What has been your favourite scene to film?
I love the scenes in Luigi’s since it’s great to be able to see people on screen have a drink and a smoke; it’s real and, quite often these days, you don’t see that. Generally, those scenes are at the end of the day so we’re all quite relaxed. We’re usually all in them and everybody gets on really well.
We shot some scenes with a DeLorean, which was fab – it felt really Eighties. There is nothing more Eighties than that car. It’s just like the car in Back To The Future.
Alex has some fabulous outfits. Did you wear anything similar in the Eighties?

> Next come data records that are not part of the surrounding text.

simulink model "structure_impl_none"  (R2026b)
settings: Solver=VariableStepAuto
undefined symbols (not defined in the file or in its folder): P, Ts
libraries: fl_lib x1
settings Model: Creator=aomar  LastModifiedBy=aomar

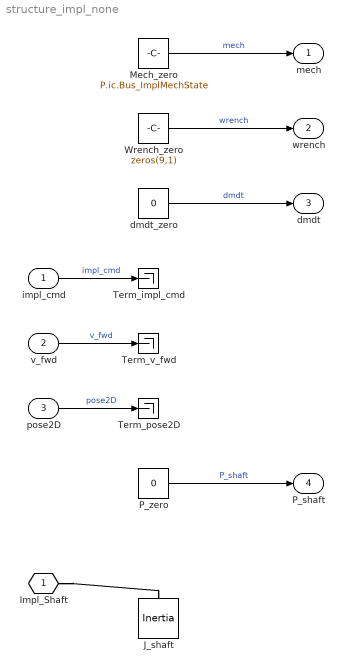
== system structure_impl_none ==
  impl_cmd : Inport  OutDataTypeStr=Bus: Bus_ImplementCmd  SampleTime=Ts.ctrl
  v_fwd : Inport  Port=2
  pose2D : Inport  Port=3
  J_shaft : fl_lib/Mechanical/Rotational Elements/Inertia  inertia=P.structure.impl.none.J kg*m^2  num_ports=foundation.enum.numPorts2.one  w_specify=off  w_priority=High  w=0 rad/s  w_nominal_specify=off  w_nominal_value=1  w_nominal_unit=rad/s  t_specify=off  t_priority=None  t=0 N*m  t_nominal_specify=off  t_nominal_value=1  t_nominal_unit=N*m
  Mech_zero : Constant  Value=P.ic.Bus_ImplMechState  VectorParams1D=off  OutDataTypeStr=Bus: Bus_ImplMechState
  P_zero : Constant  Value=0  VectorParams1D=off
  Term_impl_cmd : Terminator
  Term_pose2D : Terminator
  Term_v_fwd : Terminator
  Wrench_zero : Constant  Value=zeros(9,1)  VectorParams1D=off
  dmdt_zero : Constant  Value=0  VectorParams1D=off
  Impl_Shaft : PMIOPort  Side=Left  ConnectionType=Connection: foundation.mechanical.rotational.rotational
  mech : Outport  OutDataTypeStr=Bus: Bus_ImplMechState
  wrench : Outport  Port=2
  dmdt : Outport  Port=3
  P_shaft : Outport  Port=4
  wires:
  impl_cmd/1 -> Term_impl_cmd/1  "impl_cmd"
  v_fwd/1 -> Term_v_fwd/1  "v_fwd"
  pose2D/1 -> Term_pose2D/1  "pose2D"
  Mech_zero/1 -> mech/1  "mech"
  Wrench_zero/1 -> wrench/1  "wrench"
  dmdt_zero/1 -> dmdt/1  "dmdt"
  P_zero/1 -> P_shaft/1  "P_shaft"
  connections:
  Impl_Shaft/RConn1 -- J_shaft/LConn1

I remember my sister wearing a denim boiler suit and I had an all-in-one – mine was more Grace Jones. I remember a mass of different colour denims all being worn at the same time. I recall having a perm quite young and wearing terrible electric blue leather, it was so bad. There was nothing classy about me or the Eighties in general. However, it was great fun and it’s always a pleasure to dress as Alex in the morning!
Is Alex’s style anything like your own?
I get to wear some Agent Provocateur underwear, that’s not too bad. It’s a kind of red basque-type thing, but that’s not in vision for very long. There is a bright, bright blue shirt that’s actually quite fun, but there’s nothing that I’d wear personally.
The series features the iconic Blitz Club. Was it fun to recreate and even have Steve Strange in to provide the music?
It was amazing. I used to go clubbing in the Nineties a fair bit and I remember Steve being on the door of a club [The Emporium, Kingly Street], but not really knowing who he was or how brilliant he was. It was great to have Steve in; it all works really well, it looks really great.
HRH Prince Charles and Lady Diana Spencer’s wedding provides the backdrop for episode two. What are your memories of the “Big Day”?
I remember people talking about the dress and the train and, being a girl, I was interested in a [future] Princess getting married. I seem to remember it was all about her, rather than it being about the Royals or someone marrying the future King. It was about a Princess and her dress!
What are your most vivid memories of the early Eighties?
I was five or six, so I don’t really have an enormous amount of memories of that time. Lace being worn in your hair and Madonna was much more my Eighties, which was slightly later down the line. I had a pair of awful, huge, hi-tech trainers; that wasn’t a good look so I don’t miss any of it, I have to say.